*Records for this task*.
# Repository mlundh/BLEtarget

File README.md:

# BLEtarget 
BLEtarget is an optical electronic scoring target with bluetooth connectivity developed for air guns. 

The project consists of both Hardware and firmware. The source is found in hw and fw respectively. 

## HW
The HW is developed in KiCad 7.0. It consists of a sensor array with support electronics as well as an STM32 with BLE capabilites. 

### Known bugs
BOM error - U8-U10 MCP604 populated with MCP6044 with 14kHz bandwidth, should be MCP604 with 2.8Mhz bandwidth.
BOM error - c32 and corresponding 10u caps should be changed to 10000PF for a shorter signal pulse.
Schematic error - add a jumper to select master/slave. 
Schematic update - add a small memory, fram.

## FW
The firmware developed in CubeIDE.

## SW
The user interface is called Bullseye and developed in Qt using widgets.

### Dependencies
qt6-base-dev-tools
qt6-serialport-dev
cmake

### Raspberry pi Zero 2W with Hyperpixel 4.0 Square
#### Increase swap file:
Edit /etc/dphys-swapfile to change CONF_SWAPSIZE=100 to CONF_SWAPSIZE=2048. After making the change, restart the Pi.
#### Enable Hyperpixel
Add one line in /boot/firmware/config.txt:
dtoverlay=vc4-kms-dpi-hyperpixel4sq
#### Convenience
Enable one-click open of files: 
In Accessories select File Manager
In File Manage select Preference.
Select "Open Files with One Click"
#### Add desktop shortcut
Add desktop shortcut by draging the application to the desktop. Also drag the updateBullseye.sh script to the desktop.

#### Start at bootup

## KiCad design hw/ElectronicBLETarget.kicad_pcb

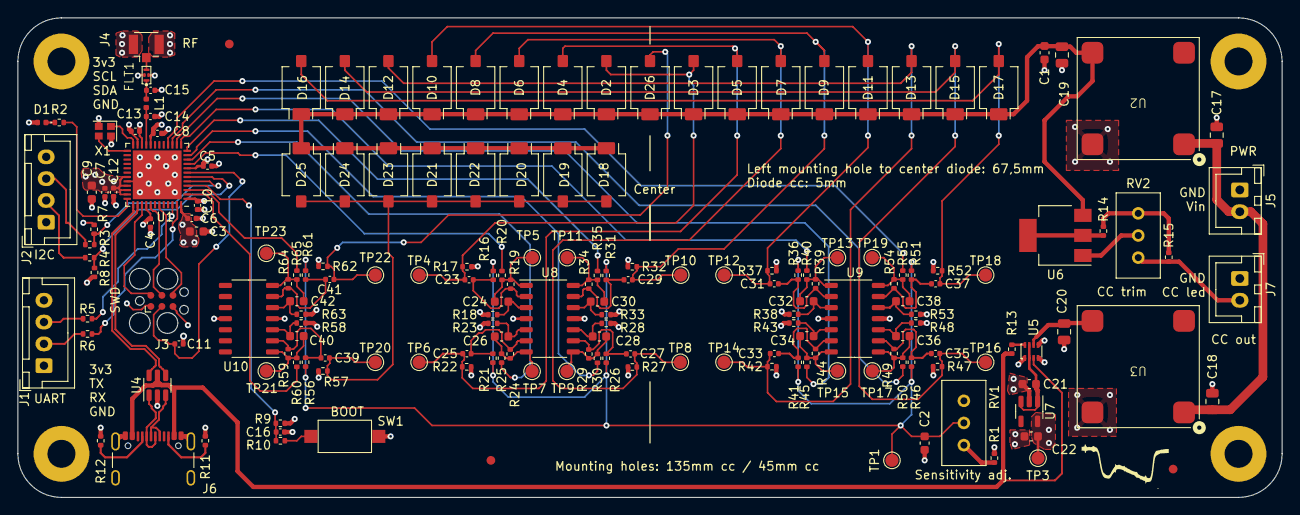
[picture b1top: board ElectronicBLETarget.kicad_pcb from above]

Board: 4 copper layers, 145.0 x 55.0 mm, 185 parts (0 on the bottom side), 91 nets.

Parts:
C1, C2, C3, C9, C21, C22: 4u7; C_0603_1608Metric
C4, C5, C6, C7, C8, C10, C11, C12, C13, C16, C23, C25, C27, C29, C31, C33, C35, C37, C39, C41: 100n; C_0402_1005Metric
C14: 0p8; C_0402_1005Metric
C15: 0p3; C_0402_1005Metric
C17, C18: 10u; C_0805_2012Metric
C19, C20: 22u; C_0805_2012Metric
C24, C26, C28, C30, C32, C34, C36, C38, C40, C42: 10u; C_0603_1608Metric
D1: LED; LED_0402_1005Metric
D2, D3, D4, D5, D6, D7, D8, D9, D10, D11, D12, D13, D14, D15, D16, D17, D18, D19, D20, D21, D22, D23, D24, D25, D26: BPW34-SMD; Osram_BPW34S-SMD
FLT1: DLF162500LT-5028A1
FM1, FM2, FM3: Fiducial; Fiducial_1mm_Mask2mm
H1, H2, H3, H4: MountingHole_Pad; MountingHole_3.2mm_M3_Pad
J1, J2: Conn_01x04; JST_XH_B4B-XH-A_1x04_P2.50mm_Vertical
J3: Conn_ARM_SWD_TagConnect_TC2030; Tag-Connect_TC2030-IDC-FP_2x03_P1.27mm_Vertical
J4: Conn_Coaxial; U.FL_Hirose_U.FL-R-SMT-1_Vertical
J5, J7: Conn_01x02; JST_XH_B2B-XH-A_1x02_P2.50mm_Vertical
J6: USB_C_Receptacle_USB2.0; USB_C_Receptacle_GCT_USB4105-xx-A_16P_TopMnt_Horizontal
L1: 2n7; L_0402_1005Metric
R1: 20k; R_0402_1005Metric
R2, R3, R4, R5, R6, R10, R20, R25, R30, R35, R40, R45, R50, R55, R60, R65: 220R; R_0402_1005Metric
R7, R8, R13, R17, R22, R27, R32, R37, R42, R47, R52, R57, R62: 5.6k; R_0402_1005Metric
R9, R11, R12: 5k1; R_0402_1005Metric
R14: 10R; R_0402_1005Metric
R15: 22R; R_0402_1005Metric
R16, R21, R26, R31, R36, R41, R46, R51, R56, R61: 100K; R_0402_1005Metric
R18, R23, R28, R33, R38, R43, R48, R53, R58, R63: 150K; R_0402_1005Metric
R19, R24, R29, R34, R39, R44, R49, R54, R59, R64: 1M; R_0402_1005Metric
RV1, RV2: 3296W; Potentiometer_Bourns_3296W_Vertical
SW1: SW_Push; SW_SPST_CK_RS282G05A3
TP1, TP3, TP4, TP5, TP6, TP7, TP8, TP9, TP10, TP11, TP12, TP13, TP14, TP15, TP16, TP17, TP18, TP19, TP20, TP21, TP22, TP23: TestPoint; TestPoint_Pad_D1.5mm
U1: STM32WB55CEU6; QFN-48-1EP_7x7mm_P0.5mm_EP5.6x5.6mm
U2: PXO7809-500-M-TR; PXO7805-500-M-TR
U3: PXO7805-500-M-TR
U4: USBLC6-2SC6; SOT-23-6
U5: LM66200; SOT-583-8
U6: LM317_SOT-223; SOT-223-3_TabPin2
U7: MIC5365-3.3YD5; SOT-23-5
U8, U9, U10: MCP604; SOIC-14_3.9x8.7mm_P1.27mm
X1: 32MHz, NX2016SA-32M; Crystal_SMD_2016-4Pin_2.0x1.6mm

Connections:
+3V3: C3.1, C4.1, C5.1, C6.1, C7.1, C8.1, C9.1, C10.1, C12.1, C13.1, C22.1, D1.2 (A), J1.4, J2.4, J3.1 (VCC), R1.1, R7.1, R8.1, SW1.2, TP3.1, U1.1 (VBAT), U1.8 (VDDA), U1.20 (VDD), U1.23 (VDDRF), U1.31 (VFBSMPS), U1.33 (VLXSMPS), U1.34 (VDDSMPS), U1.35 (VDD), U1.40 (VDDUSB), U1.48 (VDD), U7.5 (VOUT), U8.4 (V+), U9.4 (V+), U10.4 (V+)
+5V: C21.1, U5.2 (VOUT), U5.7 (VOUT), U7.1 (VIN), U7.3 (EN)
+9V: C1.1, C19.1, D2.1 (K), D3.1 (K), D4.1 (K), D5.1 (K), D6.1 (K), D7.1 (K), D8.1 (K), D9.1 (K), D10.1 (K), D11.1 (K), D12.1 (K), D13.1 (K), D14.1 (K), D15.1 (K), D16.1 (K), D17.1 (K), D18.1 (K), D19.1 (K), D20.1 (K), D21.1 (K), D22.1 (K), D23.1 (K), D24.1 (K), D25.1 (K), D26.1 (K), U2.3 (+Vout), U6.3 (VI)
+BATT: C17.1, C18.1, J5.2, U2.1 (+Vin), U3.1 (+Vin)
/BOOT0: C16.1, R9.1, R10.1, U1.4 (PH3)
/HSE_IN: U1.25 (OSC_IN), X1.3
/HSE_OUT: U1.24 (OSC_OUT), X1.1
/I2C_SCL: R3.2, R7.2, U1.5 (PB8)
/I2C_SCLC: J2.3, R3.1
/I2C_SDA: R4.2, R8.2, U1.6 (PB9)
/I2C_SDAC: J2.2, R4.1
/LED: R2.2, U1.36 (PA10)
/Power/USB_CC1: J6.A5 (CC1), R12.1
/Power/USB_CC2: J6.B5 (CC2), R11.1
/Power/USB_FD+: J6.A6 (D+), J6.B6 (D+), U4.3 (I/O2)
/Power/USB_FD-: J6.A7 (D-), J6.B7 (D-), U4.1 (I/O1)
/RF: C14.1, L1.1, U1.21 (RF1)
/RF_ANT: FLT1.3 (OUT), J4.1 (In)
/RF_MATCH: C15.1, FLT1.1 (IN), L1.2
/SWD_CLK: J3.4 (SWCLK), U1.41 (PA14)
/SWD_DIO: J3.2 (SWDIO), U1.39 (PA13)
/SWD_NRST: C11.1, J3.3 (~RESET), U1.7 (NRST)
/SWD_TRC: J3.6 (SWO), U1.43 (PB3)
/SensorArrayGroup1/SensorChannel1/ch1_Minus: C23.2, R16.2, R19.1, U8.2 (-)
/SensorArrayGroup1/SensorChannel1/ch1_Output: C24.2, R19.2, R20.2, TP5.1, U8.1
/SensorArrayGroup1/SensorChannel1/ch1_Positive: C24.1, R18.2, U8.3 (+)
/SensorArrayGroup1/SensorChannel1/ch1_d: C23.1, D2.2 (A), D3.2 (A), R17.1, TP4.1
/SensorArrayGroup1/SensorChannel2/ch2_Minus: C25.2, R21.2, R24.1, U8.6 (-)
/SensorArrayGroup1/SensorChannel2/ch2_Positive: C26.1, R23.2, U8.5 (+)
/SensorArrayGroup1/SensorChannel2/ch2_d: C25.1, D4.2 (A), D5.2 (A), R22.1, TP6.1
/SensorArrayGroup1/SensorChannel2/ch2_output: C26.2, R24.2, R25.2, TP7.1, U8.7
/SensorArrayGroup1/SensorChannel3/ch3_D: C27.1, D6.2 (A), D7.2 (A), R27.1, TP8.1
/SensorArrayGroup1/SensorChannel3/ch3_Minus: C27.2, R26.2, R29.1, U8.9 (-)
/SensorArrayGroup1/SensorChannel3/ch3_output: C28.2, R29.2, R30.2, TP9.1, U8.8
/SensorArrayGroup1/SensorChannel3/ch3_positive: C28.1, R28.2, U8.10 (+)
/SensorArrayGroup1/SensorChannel4/ch4_D: C29.1, D8.2 (A), D9.2 (A), R32.1, TP10.1
/SensorArrayGroup1/SensorChannel4/ch4_negative: C29.2, R31.2, R34.1, U8.13 (-)
/SensorArrayGroup1/SensorChannel4/ch4_output: C30.2, R34.2, R35.2, TP11.1, U8.14
/SensorArrayGroup1/SensorChannel4/ch4_positive: C30.1, R33.2, U8.12 (+)
/SensorArrayGroup1/TrimPotCenterTap: C2.1, R16.1, R21.1, R26.1, R31.1, R36.1, R41.1, R46.1, R51.1, R56.1, R61.1, RV1.2, TP1.1
/SensorArrayGroup2/SensorChannel5/ch1_Minus: C31.2, R36.2, R39.1, U9.2 (-)
/SensorArrayGroup2/SensorChannel5/ch1_Output: C32.2, R39.2, R40.2, TP13.1, U9.1
/SensorArrayGroup2/SensorChannel5/ch1_Positive: C32.1, R38.2, U9.3 (+)
/SensorArrayGroup2/SensorChannel5/ch1_d: C31.1, D10.2 (A), D11.2 (A), R37.1, TP12.1
/SensorArrayGroup2/SensorChannel6/ch2_Minus: C33.2, R41.2, R44.1, U9.6 (-)
/SensorArrayGroup2/SensorChannel6/ch2_Positive: C34.1, R43.2, U9.5 (+)
/SensorArrayGroup2/SensorChannel6/ch2_d: C33.1, D12.2 (A), D13.2 (A), R42.1, TP14.1
/SensorArrayGroup2/SensorChannel6/ch2_output: C34.2, R44.2, R45.2, TP15.1, U9.7
/SensorArrayGroup2/SensorChannel7/ch3_D: C35.1, D14.2 (A), D15.2 (A), R47.1, TP16.1
/SensorArrayGroup2/SensorChannel7/ch3_Minus: C35.2, R46.2, R49.1, U9.9 (-)
/SensorArrayGroup2/SensorChannel7/ch3_output: C36.2, R49.2, R50.2, TP17.1, U9.8
/SensorArrayGroup2/SensorChannel7/ch3_positive: C36.1, R48.2, U9.10 (+)
/SensorArrayGroup2/SensorChannel8/ch4_D: C37.1, D16.2 (A), D17.2 (A), R52.1, TP18.1
/SensorArrayGroup2/SensorChannel8/ch4_negative: C37.2, R51.2, R54.1, U9.13 (-)
/SensorArrayGroup2/SensorChannel8/ch4_output: C38.2, R54.2, R55.2, TP19.1, U9.14
/SensorArrayGroup2/SensorChannel8/ch4_positive: C38.1, R53.2, U9.12 (+)
/SensorArrayGroup3/SensorBackRow/back_d: C39.1, D18.2 (A), D19.2 (A), D20.2 (A), D21.2 (A), D22.2 (A), D23.2 (A), D24.2 (A), D25.2 (A), R57.1, TP20.1
/SensorArrayGroup3/SensorBackRow/back_minus: C39.2, R56.2, R59.1, U10.2 (-)
/SensorArrayGroup3/SensorBackRow/back_output: C40.2, R59.2, R60.2, TP21.1, U10.1
/SensorArrayGroup3/SensorBackRow/back_positive: C40.1, R58.2, U10.3 (+)
/SensorArrayGroup3/SensorCenter/center_Minus: C41.2, R61.2, R64.1, U10.6 (-)
/SensorArrayGroup3/SensorCenter/center_d: C41.1, D26.2 (A), R62.1, TP22.1
/SensorArrayGroup3/SensorCenter/center_output: C42.2, R64.2, R65.2, TP23.1, U10.7
/SensorArrayGroup3/SensorCenter/center_positive: C42.1, R63.2, U10.5 (+)
/USART1_RX: R6.2, U1.47 (PB7)
/USART1_RXC: J1.2, R6.1
/USART1_TX: R5.2, U1.46 (PB6)
/USART1_TXC: J1.3, R5.1
/USB_D+: U1.38 (PA12), U4.4 (I/O2)
/USB_D-: U1.37 (PA11), U4.6 (I/O1)
/ch1: R20.1, U1.9 (PA0)
/ch2: R25.1, U1.10 (PA1)
/ch3: R30.1, U1.11 (PA2)
/ch4: R35.1, U1.12 (PA3)
/ch5: R40.1, U1.13 (PA4)
/ch6: R45.1, U1.14 (PA5)
/ch7: R50.1, U1.15 (PA6)
/ch8: R55.1, U1.16 (PA7)
/chCenter: R65.1, U1.3 (PC15)
/chSide: R60.1, U1.2 (PC14)
GND: C1.2, C2.2, C3.2, C4.2, C5.2, C6.2, C7.2, C8.2, C9.2, C10.2, C11.2, C12.2, C13.2, C14.2, C15.2, C16.2, C17.2, C18.2, C19.2, C20.2, C21.2, C22.2, FLT1.2 (GND), FLT1.4 (GND), H1.1, H2.1, H3.1, H4.1, J1.1, J2.1, J3.5 (GND), J4.2 (Ext), J5.1, J6.A1 (GND), J6.A12 (GND), J6.B1 (GND), J6.B12 (GND), J6.S1 (SHIELD), J7.1, R9.2, R11.2, R12.2, R17.2, R18.1, R22.2, R23.1, R27.2, R28.1, R32.2, R33.1, R37.2, R38.1, R42.2, R43.1, R47.2, R48.1, R52.2, R53.1, R57.2, R58.1, R62.2, R63.1, RV1.3, U1.22 (VSSRF), U1.32 (VSSSMPS), U1.49 (VSS), U2.4 (GND), U3.4 (GND), U4.2 (GND), U5.1 (GND), U5.4 (ON_), U5.5 (GND), U7.2 (GND), U8.11 (V-), U9.11 (V-), U10.11 (V-), X1.2, X1.4
unnamed: D1.1 (K), R2.1
unnamed: J7.2, R15.2, RV2.1
unnamed: R1.2, RV1.1
unnamed: R10.2, SW1.1
unnamed: R14.2, R15.1, RV2.3
unnamed: C20.1, U3.3 (+Vout), U5.6 (VIN2)
unnamed: J6.A4 (VBUS), J6.A9 (VBUS), J6.B4 (VBUS), J6.B9 (VBUS), R13.1, U4.5 (VBUS), U5.3 (VIN1)
unnamed: R13.2, U5.8 (ST)
unnamed: RV2.2, U6.1 (ADJ)
unnamed: R14.1, U6.2 (VO)

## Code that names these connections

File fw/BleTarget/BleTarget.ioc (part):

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Mcu.Name=STM32WB55CEUx
Mcu.Package=UFQFPN48
Mcu.UserName=STM32WB55CEUx
PA0.GPIOParameters=GPIO_Label
PA0.GPIO_Label=CH_1
PA0.Signal=GPXTI0
PA1.GPIOParameters=GPIO_Label
PA1.GPIO_Label=CH_2
PA1.Signal=GPXTI1
PA10.GPIOParameters=GPIO_Speed,PinState,GPIO_PuPd,GPIO_Label,GPIO_ModeDefaultOutputPP
PA10.GPIO_Label=LED
PA10.GPIO_ModeDefaultOutputPP=GPIO_MODE_OUTPUT_OD
PA10.GPIO_PuPd=GPIO_NOPULL
PA10.GPIO_Speed=GPIO_SPEED_FREQ_MEDIUM
PA10.PinState=GPIO_PIN_SET
PA10.Signal=GPIO_Output
PA11.Mode=Device
PA11.Signal=USB_DM
PA12.Mode=Device
PA12.Signal=USB_DP
PA13.Mode=Trace_Asynchronous_SW
PA13.Signal=SYS_JTMS-SWDIO
PA14.Mode=Trace_Asynchronous_SW
PA14.Signal=SYS_JTCK-SWCLK
PA2.GPIOParameters=GPIO_Label
PA2.GPIO_Label=CH_3
PA2.Signal=GPXTI2
PA3.GPIOParameters=GPIO_Label
PA3.GPIO_Label=CH_4
PA3.Signal=GPXTI3
PA4.GPIOParameters=GPIO_Label
PA4.GPIO_Label=CH_5
PA4.Signal=GPXTI4
PA5.GPIOParameters=GPIO_Label
PA5.GPIO_Label=CH_6
PA5.Signal=GPXTI5
PA6.GPIOParameters=GPIO_Label
PA6.GPIO_Label=CH_7
PA6.Signal=GPXTI6
PA7.GPIOParameters=GPIO_Label
PA7.GPIO_Label=CH_8
PA7.Signal=GPXTI7
PB3.Mode=Trace_Asynchronous_SW
PB3.Signal=SYS_JTDO-SWO
PB6.Mode=Asynchronous
PB6.Signal=USART1_TX
PB7.Mode=Asynchronous
PB7.Signal=USART1_RX
PB8.Mode=I2C
PB8.Signal=I2C1_SCL
PB9.Mode=I2C
PB9.Signal=I2C1_SDA
PC14-OSC32_IN.GPIOParameters=GPIO_Label
PC14-OSC32_IN.GPIO_Label=CH_B
PC14-OSC32_IN.Signal=GPXTI14
PC15-OSC32_OUT.GPIOParameters=GPIO_Label
PC15-OSC32_OUT.GPIO_Label=CH_C
PC15-OSC32_OUT.Signal=GPXTI15
PH3-BOOT0.GPIOParameters=GPIO_Label
PH3-BOOT0.GPIO_Label=BOOT
PH3-BOOT0.Signal=GPIO_Input
RCC.HSE_VALUE=32000000
RCC.SYSCLKFreq_VALUE=64000000
RCC.SYSCLKSource=RCC_SYSCLKSOURCE_PLLCLK
board=custom

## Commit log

2024-05-06 HW as sent for manufacturing at PCBway.
2024-05-06 Fix: gitignore did not ignore all temp files.
2024-07-14 Initial firmware push. Sensor detects rising edges and computes position and velocity.
2024-07-24 Update gitignore to ignore metadatafiles from eclipse and backups from kicad.
2024-07-26 QT application talks to BLE target via UART.
2024-07-26 remove untracked files
2024-07-26 Update gitignore
2024-07-26 Update readme file with bugs.
2024-07-27 Feature: Two cards communicate over i2c, and the master transmitts the complete data to the SW application.
2024-08-02 Add heartbeat function and show speed of last pellet.
2024-08-02 Clear speed on button.
2024-08-03 fix: add new speed measurements.
2024-08-04 Start application in fullscreen. Create a simple script to pull the repo and rebuild as a means for easy updates.
2024-08-04 Add .desctop files.
2024-08-04 Update .desktop files.
2024-08-04 Update icon and fix desctop files for target.
2024-08-04 Might work now.
2024-08-15 Send both speed measues (x and Y) to Bullseye. Show both of these on the GUI.
    Add button to save scores to file. Naive first solution, saves all registered hits since the program was started.
2024-08-16 clear both x and y speed

*Activity*.
Above are some entries; copy exactly the lines from the line with "Files with One" through the line with "R65: 220R; R_0402_1005Metric", both included, but none of the pictures.

*Written solution*.
Select "Open Files with One Click"
#### Add desktop shortcut
Add desktop shortcut by draging the application to the desktop. Also drag the updateBullseye.sh script to the desktop.

#### Start at bootup

## KiCad design hw/ElectronicBLETarget.kicad_pcb

[picture b1top: board ElectronicBLETarget.kicad_pcb from above]

Board: 4 copper layers, 145.0 x 55.0 mm, 185 parts (0 on the bottom side), 91 nets.

Parts:
C1, C2, C3, C9, C21, C22: 4u7; C_0603_1608Metric
C4, C5, C6, C7, C8, C10, C11, C12, C13, C16, C23, C25, C27, C29, C31, C33, C35, C37, C39, C41: 100n; C_0402_1005Metric
C14: 0p8; C_0402_1005Metric
C15: 0p3; C_0402_1005Metric
C17, C18: 10u; C_0805_2012Metric
C19, C20: 22u; C_0805_2012Metric
C24, C26, C28, C30, C32, C34, C36, C38, C40, C42: 10u; C_0603_1608Metric
D1: LED; LED_0402_1005Metric
D2, D3, D4, D5, D6, D7, D8, D9, D10, D11, D12, D13, D14, D15, D16, D17, D18, D19, D20, D21, D22, D23, D24, D25, D26: BPW34-SMD; Osram_BPW34S-SMD
FLT1: DLF162500LT-5028A1
FM1, FM2, FM3: Fiducial; Fiducial_1mm_Mask2mm
H1, H2, H3, H4: MountingHole_Pad; MountingHole_3.2mm_M3_Pad
J1, J2: Conn_01x04; JST_XH_B4B-XH-A_1x04_P2.50mm_Vertical
J3: Conn_ARM_SWD_TagConnect_TC2030; Tag-Connect_TC2030-IDC-FP_2x03_P1.27mm_Vertical
J4: Conn_Coaxial; U.FL_Hirose_U.FL-R-SMT-1_Vertical
J5, J7: Conn_01x02; JST_XH_B2B-XH-A_1x02_P2.50mm_Vertical
J6: USB_C_Receptacle_USB2.0; USB_C_Receptacle_GCT_USB4105-xx-A_16P_TopMnt_Horizontal
L1: 2n7; L_0402_1005Metric
R1: 20k; R_0402_1005Metric
R2, R3, R4, R5, R6, R10, R20, R25, R30, R35, R40, R45, R50, R55, R60, R65: 220R; R_0402_1005Metric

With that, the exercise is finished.